SUPPLIED RECORDS Block Start

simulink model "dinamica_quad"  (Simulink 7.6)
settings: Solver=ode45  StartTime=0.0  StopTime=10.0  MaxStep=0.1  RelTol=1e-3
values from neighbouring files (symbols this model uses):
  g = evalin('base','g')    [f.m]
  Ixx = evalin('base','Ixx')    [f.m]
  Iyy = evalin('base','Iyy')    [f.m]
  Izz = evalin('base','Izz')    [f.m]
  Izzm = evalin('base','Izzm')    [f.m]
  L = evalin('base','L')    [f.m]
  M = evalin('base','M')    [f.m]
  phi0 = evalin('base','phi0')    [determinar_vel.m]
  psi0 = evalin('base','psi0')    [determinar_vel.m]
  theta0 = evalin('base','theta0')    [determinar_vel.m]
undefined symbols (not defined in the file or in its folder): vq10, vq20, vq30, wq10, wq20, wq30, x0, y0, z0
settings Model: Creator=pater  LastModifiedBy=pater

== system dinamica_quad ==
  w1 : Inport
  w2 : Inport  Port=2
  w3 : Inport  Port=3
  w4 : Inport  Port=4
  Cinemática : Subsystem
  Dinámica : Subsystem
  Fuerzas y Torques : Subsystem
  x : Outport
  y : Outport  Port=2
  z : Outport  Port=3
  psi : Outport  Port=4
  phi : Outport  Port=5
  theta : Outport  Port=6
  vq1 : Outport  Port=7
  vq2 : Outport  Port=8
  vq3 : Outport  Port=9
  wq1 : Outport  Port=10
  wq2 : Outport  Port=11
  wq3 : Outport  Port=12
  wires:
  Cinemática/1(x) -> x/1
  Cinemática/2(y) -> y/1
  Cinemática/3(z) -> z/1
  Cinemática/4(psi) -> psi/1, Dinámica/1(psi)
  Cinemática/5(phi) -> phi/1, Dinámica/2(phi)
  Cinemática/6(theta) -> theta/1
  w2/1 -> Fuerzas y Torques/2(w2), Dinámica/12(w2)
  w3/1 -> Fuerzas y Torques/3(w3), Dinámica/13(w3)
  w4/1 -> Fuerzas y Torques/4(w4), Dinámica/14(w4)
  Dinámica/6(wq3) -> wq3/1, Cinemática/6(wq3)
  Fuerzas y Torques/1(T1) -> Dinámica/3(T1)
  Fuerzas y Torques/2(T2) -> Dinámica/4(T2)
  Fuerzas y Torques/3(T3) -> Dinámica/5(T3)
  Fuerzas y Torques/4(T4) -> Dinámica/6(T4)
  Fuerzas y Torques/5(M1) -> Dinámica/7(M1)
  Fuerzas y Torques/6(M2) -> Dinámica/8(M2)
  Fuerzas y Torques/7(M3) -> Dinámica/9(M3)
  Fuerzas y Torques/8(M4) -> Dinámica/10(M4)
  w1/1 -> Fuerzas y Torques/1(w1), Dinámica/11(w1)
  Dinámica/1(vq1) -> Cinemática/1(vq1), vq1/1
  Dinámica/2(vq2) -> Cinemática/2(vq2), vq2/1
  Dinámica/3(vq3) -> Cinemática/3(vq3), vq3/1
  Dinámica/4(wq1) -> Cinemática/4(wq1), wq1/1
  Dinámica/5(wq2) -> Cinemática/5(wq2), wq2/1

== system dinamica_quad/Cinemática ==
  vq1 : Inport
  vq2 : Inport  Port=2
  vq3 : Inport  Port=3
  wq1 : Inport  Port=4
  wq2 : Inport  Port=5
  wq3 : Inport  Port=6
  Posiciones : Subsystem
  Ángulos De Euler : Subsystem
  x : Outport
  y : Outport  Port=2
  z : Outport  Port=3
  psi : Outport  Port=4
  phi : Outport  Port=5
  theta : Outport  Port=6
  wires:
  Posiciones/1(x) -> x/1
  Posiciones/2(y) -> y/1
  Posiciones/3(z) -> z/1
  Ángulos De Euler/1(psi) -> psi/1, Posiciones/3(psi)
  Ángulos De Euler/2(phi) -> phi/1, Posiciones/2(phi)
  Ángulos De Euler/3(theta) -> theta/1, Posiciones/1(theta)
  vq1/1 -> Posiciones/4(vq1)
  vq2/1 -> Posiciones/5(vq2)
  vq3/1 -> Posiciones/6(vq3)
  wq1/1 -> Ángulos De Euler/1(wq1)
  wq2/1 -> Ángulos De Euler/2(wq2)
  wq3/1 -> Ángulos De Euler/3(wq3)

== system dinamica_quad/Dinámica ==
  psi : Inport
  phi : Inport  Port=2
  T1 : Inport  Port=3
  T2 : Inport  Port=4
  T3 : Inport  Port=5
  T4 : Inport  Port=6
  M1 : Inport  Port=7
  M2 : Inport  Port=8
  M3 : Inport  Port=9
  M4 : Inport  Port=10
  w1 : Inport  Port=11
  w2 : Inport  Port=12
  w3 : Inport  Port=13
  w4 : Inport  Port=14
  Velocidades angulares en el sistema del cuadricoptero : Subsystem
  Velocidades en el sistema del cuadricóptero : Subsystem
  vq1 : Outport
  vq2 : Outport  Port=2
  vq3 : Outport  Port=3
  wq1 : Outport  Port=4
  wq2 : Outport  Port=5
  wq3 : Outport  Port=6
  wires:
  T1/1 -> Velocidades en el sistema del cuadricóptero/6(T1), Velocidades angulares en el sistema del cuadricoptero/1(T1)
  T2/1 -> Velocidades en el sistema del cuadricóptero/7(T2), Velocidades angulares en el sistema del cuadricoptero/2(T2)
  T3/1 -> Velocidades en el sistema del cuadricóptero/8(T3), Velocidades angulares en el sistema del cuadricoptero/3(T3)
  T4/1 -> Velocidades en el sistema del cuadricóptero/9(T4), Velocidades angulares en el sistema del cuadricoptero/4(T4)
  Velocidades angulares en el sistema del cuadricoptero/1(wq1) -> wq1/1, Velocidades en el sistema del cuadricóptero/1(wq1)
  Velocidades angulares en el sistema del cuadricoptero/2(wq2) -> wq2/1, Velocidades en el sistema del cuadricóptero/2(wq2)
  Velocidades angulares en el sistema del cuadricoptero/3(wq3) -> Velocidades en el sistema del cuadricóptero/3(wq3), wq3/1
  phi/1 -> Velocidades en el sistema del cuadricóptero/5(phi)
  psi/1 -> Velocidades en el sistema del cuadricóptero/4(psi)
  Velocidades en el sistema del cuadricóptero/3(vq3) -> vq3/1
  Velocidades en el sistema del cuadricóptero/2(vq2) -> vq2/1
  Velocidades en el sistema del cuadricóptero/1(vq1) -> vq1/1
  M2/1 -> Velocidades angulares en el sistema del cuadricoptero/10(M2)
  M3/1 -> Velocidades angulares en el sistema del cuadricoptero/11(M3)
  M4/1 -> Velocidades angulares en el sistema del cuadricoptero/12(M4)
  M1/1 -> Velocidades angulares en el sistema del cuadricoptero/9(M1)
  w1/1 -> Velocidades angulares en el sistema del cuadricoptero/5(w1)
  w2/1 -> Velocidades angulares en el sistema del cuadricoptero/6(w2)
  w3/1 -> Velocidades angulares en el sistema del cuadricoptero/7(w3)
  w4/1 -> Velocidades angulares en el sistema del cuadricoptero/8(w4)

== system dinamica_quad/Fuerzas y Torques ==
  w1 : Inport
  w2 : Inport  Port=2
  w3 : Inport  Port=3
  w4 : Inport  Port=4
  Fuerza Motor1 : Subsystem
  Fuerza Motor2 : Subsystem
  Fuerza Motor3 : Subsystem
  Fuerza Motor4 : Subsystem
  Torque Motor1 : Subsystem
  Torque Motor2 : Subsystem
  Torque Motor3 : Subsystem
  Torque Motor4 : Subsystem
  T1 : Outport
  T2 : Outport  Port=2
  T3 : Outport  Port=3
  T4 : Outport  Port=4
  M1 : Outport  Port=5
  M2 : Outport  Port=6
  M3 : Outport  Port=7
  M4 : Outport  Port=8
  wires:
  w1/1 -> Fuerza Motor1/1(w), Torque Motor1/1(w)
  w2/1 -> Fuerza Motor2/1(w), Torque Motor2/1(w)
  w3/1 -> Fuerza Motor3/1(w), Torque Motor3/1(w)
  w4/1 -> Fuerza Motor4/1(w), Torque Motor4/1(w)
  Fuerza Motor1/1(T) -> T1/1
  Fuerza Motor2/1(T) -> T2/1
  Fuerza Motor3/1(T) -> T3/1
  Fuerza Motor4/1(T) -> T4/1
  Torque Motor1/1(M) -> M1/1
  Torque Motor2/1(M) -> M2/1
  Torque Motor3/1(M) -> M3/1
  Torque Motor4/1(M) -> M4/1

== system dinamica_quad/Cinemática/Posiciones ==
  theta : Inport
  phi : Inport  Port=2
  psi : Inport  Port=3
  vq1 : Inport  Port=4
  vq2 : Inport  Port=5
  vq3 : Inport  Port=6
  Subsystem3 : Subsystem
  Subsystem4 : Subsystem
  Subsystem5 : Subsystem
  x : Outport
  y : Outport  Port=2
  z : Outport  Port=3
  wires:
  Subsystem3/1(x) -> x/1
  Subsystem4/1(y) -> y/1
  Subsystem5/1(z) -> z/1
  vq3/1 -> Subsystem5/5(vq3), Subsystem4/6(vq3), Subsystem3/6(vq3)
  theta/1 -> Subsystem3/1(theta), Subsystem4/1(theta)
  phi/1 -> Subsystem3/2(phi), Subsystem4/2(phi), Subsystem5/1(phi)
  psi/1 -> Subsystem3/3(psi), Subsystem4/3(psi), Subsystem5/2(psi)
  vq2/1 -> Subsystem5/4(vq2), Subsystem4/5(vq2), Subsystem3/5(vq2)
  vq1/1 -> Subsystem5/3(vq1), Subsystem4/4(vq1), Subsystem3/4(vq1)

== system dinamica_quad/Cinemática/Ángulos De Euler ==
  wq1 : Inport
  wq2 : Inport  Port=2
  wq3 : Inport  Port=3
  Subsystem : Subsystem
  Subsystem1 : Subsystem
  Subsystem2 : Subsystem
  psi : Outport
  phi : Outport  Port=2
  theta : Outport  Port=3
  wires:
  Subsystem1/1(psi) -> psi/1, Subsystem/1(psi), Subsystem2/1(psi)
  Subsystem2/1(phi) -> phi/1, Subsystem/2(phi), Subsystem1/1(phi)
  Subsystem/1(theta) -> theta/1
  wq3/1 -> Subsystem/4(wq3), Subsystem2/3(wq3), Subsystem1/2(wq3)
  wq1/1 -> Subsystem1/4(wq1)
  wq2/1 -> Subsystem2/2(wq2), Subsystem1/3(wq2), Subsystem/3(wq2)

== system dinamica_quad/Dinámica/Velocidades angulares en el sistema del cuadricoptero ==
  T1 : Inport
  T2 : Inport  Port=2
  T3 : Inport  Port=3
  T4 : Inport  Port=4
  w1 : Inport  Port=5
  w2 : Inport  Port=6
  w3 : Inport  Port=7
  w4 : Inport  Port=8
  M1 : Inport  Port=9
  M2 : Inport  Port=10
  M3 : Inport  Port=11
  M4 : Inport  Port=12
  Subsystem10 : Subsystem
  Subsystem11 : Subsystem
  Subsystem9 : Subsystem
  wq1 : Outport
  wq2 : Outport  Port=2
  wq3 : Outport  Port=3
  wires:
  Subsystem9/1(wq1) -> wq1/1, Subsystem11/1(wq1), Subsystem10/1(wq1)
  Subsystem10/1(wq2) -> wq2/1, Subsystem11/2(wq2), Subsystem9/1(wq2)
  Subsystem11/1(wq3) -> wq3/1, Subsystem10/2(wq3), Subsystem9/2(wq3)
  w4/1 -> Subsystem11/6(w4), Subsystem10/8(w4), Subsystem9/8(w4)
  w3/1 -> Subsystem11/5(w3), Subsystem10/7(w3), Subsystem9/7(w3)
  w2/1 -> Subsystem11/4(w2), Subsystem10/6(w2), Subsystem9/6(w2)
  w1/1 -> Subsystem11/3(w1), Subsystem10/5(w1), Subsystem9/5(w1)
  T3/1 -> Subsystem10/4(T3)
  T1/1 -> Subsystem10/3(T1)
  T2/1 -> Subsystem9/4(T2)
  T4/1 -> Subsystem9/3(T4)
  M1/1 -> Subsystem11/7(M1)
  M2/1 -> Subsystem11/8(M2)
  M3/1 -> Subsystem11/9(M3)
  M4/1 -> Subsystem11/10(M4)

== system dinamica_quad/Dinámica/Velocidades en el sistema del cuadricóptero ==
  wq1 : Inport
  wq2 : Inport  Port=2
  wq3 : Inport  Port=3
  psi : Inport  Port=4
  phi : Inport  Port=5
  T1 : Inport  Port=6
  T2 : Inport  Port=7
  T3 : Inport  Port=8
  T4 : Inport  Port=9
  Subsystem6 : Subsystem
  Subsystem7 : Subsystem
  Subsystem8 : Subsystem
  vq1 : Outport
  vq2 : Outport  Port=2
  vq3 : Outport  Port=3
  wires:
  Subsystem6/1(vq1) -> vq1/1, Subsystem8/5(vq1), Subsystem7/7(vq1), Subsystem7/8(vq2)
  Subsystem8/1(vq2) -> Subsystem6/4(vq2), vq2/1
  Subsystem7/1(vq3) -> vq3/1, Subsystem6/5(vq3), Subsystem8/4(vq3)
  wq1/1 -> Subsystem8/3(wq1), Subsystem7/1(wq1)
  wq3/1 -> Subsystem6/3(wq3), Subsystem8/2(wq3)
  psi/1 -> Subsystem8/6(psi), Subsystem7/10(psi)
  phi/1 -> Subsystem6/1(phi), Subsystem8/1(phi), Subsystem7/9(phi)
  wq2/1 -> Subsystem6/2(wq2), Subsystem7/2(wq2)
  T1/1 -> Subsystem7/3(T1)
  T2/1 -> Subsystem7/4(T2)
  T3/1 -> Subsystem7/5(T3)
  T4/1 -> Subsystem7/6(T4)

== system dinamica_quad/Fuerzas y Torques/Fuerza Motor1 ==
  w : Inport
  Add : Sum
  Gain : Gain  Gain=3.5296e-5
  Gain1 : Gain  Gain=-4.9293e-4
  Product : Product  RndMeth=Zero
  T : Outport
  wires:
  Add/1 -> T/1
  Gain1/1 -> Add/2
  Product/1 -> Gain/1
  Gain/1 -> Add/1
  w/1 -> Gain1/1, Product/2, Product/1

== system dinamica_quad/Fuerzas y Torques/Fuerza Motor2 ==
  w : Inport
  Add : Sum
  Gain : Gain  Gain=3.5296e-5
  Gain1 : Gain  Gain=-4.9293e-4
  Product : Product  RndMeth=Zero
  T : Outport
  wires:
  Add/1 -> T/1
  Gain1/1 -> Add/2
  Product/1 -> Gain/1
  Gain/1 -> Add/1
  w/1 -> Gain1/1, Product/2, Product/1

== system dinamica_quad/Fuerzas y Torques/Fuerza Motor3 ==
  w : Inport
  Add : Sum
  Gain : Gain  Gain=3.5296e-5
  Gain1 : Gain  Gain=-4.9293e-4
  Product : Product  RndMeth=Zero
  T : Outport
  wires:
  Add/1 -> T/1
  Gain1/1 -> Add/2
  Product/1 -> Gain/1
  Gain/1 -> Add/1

SUPPLIED RECORDS Block End

:: WHAT TO PRODUCE ::
Starting at the first line of the listing, retype every line up to and including the one with "Cinemática/6(theta) -> theta/1".

:: TASK ANSWER ::
simulink model "dinamica_quad"  (Simulink 7.6)
settings: Solver=ode45  StartTime=0.0  StopTime=10.0  MaxStep=0.1  RelTol=1e-3
values from neighbouring files (symbols this model uses):
  g = evalin('base','g')    [f.m]
  Ixx = evalin('base','Ixx')    [f.m]
  Iyy = evalin('base','Iyy')    [f.m]
  Izz = evalin('base','Izz')    [f.m]
  Izzm = evalin('base','Izzm')    [f.m]
  L = evalin('base','L')    [f.m]
  M = evalin('base','M')    [f.m]
  phi0 = evalin('base','phi0')    [determinar_vel.m]
  psi0 = evalin('base','psi0')    [determinar_vel.m]
  theta0 = evalin('base','theta0')    [determinar_vel.m]
undefined symbols (not defined in the file or in its folder): vq10, vq20, vq30, wq10, wq20, wq30, x0, y0, z0
settings Model: Creator=pater  LastModifiedBy=pater

== system dinamica_quad ==
  w1 : Inport
  w2 : Inport  Port=2
  w3 : Inport  Port=3
  w4 : Inport  Port=4
  Cinemática : Subsystem
  Dinámica : Subsystem
  Fuerzas y Torques : Subsystem
  x : Outport
  y : Outport  Port=2
  z : Outport  Port=3
  psi : Outport  Port=4
  phi : Outport  Port=5
  theta : Outport  Port=6
  vq1 : Outport  Port=7
  vq2 : Outport  Port=8
  vq3 : Outport  Port=9
  wq1 : Outport  Port=10
  wq2 : Outport  Port=11
  wq3 : Outport  Port=12
  wires:
  Cinemática/1(x) -> x/1
  Cinemática/2(y) -> y/1
  Cinemática/3(z) -> z/1
  Cinemática/4(psi) -> psi/1, Dinámica/1(psi)
  Cinemática/5(phi) -> phi/1, Dinámica/2(phi)
  Cinemática/6(theta) -> theta/1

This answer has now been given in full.